You have further to go to actually make it into the upper classes than in many countries.
Educational achievement is uneven and often runs in families. Single mother dropped out of school? Odds are greatly in favor of your dropping out of school. Few high-school dropouts in the upper classes. Blame it on uneven economic development, micro-cultural attitudes, whatever.
Class mobility is defined as being born and raised in one class and moving into another. So if you start with nothing but your upbringing and stay in that class it's assumed that somehow you actually took stuff--money, property, etc. Often the case in European countries. Not so much the case here.
I'm pretty much the same class as my parents. The only property I actually got from them was a car (high school graduation present) and $3000, which was actually the cashing out of my life insurance policy when I turned 18 and which I kept until last year (I'm in my 50s now).
In fact, it was also the case with my parents and their parents. Yet my parents parents left precisely nothing to my parents. At 18 my father left home; at 17, my mother. My mother--a single mother in the '50s--got some help from her mother, a roof over her head. But when she left home again she took her own income, her child, and her clothes.

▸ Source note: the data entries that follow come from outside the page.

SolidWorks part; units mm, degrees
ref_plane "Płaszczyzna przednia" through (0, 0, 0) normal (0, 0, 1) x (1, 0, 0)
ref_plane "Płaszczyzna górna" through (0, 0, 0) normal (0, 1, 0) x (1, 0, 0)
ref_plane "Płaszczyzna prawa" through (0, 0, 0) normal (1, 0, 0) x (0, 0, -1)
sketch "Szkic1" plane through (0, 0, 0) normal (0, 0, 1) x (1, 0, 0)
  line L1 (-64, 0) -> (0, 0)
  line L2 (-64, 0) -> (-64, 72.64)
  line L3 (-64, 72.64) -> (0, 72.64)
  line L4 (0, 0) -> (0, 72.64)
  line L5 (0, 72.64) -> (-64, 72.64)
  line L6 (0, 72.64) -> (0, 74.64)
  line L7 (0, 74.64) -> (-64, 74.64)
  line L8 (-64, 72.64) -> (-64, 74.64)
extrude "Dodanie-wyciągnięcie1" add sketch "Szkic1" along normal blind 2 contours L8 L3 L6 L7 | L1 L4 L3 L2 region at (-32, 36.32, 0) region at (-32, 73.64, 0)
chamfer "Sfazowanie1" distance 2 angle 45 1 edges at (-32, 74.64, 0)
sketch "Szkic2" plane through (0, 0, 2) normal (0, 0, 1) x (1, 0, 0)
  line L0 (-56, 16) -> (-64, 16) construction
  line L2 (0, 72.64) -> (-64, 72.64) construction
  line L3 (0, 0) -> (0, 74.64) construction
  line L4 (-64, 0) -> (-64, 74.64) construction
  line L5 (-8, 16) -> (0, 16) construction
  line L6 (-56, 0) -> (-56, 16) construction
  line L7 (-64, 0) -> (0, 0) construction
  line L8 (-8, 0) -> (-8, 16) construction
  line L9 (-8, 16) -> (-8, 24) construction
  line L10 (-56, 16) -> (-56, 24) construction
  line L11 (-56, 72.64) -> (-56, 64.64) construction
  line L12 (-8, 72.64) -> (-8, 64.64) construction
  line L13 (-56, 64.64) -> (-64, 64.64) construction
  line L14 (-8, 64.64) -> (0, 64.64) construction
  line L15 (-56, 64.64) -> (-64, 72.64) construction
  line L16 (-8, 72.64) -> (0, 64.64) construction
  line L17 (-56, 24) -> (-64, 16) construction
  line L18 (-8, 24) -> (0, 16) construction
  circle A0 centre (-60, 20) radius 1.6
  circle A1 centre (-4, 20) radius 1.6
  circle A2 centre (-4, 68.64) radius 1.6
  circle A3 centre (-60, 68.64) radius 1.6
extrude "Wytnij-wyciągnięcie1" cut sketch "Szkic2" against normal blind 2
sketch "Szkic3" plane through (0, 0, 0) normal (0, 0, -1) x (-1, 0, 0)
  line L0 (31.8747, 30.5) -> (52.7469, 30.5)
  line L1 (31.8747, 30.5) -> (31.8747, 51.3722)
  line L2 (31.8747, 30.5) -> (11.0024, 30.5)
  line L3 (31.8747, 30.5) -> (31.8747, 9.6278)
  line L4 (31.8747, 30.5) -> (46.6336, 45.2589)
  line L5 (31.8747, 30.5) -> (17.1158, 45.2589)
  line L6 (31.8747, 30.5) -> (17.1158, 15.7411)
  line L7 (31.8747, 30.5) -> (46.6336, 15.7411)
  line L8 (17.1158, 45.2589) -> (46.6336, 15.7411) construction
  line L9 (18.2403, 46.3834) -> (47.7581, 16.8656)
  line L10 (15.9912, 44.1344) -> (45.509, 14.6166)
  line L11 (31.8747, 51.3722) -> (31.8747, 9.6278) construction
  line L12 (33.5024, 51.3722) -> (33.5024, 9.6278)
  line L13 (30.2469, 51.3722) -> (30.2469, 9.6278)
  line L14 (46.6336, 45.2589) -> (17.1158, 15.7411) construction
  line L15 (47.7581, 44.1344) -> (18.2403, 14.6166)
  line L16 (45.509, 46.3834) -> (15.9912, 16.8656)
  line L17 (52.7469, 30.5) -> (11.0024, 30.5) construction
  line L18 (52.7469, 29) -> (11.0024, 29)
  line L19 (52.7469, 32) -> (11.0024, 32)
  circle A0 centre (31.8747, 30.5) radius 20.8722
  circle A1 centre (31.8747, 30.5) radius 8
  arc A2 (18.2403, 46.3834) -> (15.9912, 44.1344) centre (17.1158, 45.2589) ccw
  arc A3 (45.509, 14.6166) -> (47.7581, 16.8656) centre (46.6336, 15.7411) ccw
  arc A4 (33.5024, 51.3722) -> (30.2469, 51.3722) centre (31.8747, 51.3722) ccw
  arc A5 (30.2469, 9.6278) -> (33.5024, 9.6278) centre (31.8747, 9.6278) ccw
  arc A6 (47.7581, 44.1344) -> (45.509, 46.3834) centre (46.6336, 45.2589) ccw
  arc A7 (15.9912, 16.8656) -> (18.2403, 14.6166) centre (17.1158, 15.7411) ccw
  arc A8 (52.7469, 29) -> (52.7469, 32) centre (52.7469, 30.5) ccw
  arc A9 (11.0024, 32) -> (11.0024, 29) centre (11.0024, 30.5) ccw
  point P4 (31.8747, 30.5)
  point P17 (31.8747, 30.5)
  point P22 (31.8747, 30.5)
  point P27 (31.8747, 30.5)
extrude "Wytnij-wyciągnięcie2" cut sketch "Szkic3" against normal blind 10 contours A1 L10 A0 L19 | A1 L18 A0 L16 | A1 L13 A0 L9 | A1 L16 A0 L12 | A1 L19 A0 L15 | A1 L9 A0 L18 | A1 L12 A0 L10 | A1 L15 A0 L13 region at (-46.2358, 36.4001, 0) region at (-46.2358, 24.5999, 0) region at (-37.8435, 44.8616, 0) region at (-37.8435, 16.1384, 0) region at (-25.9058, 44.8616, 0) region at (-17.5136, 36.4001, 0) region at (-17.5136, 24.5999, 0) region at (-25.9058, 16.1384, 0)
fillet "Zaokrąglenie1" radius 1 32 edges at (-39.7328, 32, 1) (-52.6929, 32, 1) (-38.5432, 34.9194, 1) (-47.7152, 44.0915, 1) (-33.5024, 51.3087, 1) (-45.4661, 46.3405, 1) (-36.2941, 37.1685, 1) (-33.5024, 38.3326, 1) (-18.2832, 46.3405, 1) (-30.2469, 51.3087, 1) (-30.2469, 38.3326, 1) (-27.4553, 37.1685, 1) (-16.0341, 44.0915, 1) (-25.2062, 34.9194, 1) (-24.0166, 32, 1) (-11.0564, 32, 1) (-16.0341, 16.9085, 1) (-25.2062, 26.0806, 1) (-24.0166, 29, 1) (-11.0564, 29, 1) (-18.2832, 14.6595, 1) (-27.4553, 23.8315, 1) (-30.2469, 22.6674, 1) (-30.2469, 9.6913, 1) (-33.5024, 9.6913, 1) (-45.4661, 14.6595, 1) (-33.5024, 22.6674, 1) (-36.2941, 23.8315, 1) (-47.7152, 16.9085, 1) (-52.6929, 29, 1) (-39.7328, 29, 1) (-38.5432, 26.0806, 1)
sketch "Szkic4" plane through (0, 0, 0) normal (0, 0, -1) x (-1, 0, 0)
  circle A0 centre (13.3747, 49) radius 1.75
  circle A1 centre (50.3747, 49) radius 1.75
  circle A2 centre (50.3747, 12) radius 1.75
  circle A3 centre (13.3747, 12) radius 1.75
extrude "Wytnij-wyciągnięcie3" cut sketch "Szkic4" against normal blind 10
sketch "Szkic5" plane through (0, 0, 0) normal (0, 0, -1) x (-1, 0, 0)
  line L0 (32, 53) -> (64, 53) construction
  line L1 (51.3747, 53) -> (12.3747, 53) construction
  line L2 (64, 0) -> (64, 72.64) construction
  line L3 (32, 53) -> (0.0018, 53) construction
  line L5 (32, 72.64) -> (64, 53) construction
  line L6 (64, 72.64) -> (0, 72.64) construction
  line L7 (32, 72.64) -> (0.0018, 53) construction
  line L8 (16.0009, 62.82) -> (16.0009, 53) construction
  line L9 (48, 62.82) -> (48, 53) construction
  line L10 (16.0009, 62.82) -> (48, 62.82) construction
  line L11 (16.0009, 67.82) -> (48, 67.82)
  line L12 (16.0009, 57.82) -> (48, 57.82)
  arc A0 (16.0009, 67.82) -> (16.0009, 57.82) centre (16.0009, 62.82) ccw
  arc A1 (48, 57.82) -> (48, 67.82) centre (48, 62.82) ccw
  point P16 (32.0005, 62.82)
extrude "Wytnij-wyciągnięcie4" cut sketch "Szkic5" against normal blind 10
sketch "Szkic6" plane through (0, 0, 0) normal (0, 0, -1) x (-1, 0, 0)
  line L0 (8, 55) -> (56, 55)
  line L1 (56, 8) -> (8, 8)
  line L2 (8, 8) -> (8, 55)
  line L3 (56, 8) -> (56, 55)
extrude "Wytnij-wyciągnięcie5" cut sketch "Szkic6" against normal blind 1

It was the same with my wife before we got married--and with her parents, who only inherited a small amount when they were in their 50s.
The last two generations in my family started off with pretty much nothing when they left home. They weren't upwardly mobile, because their lifestyle in their teen years, which took them a decade or more to recreate, was very much like their final adult lifestyle. This isn't "upwardly mobile," by the operant definition.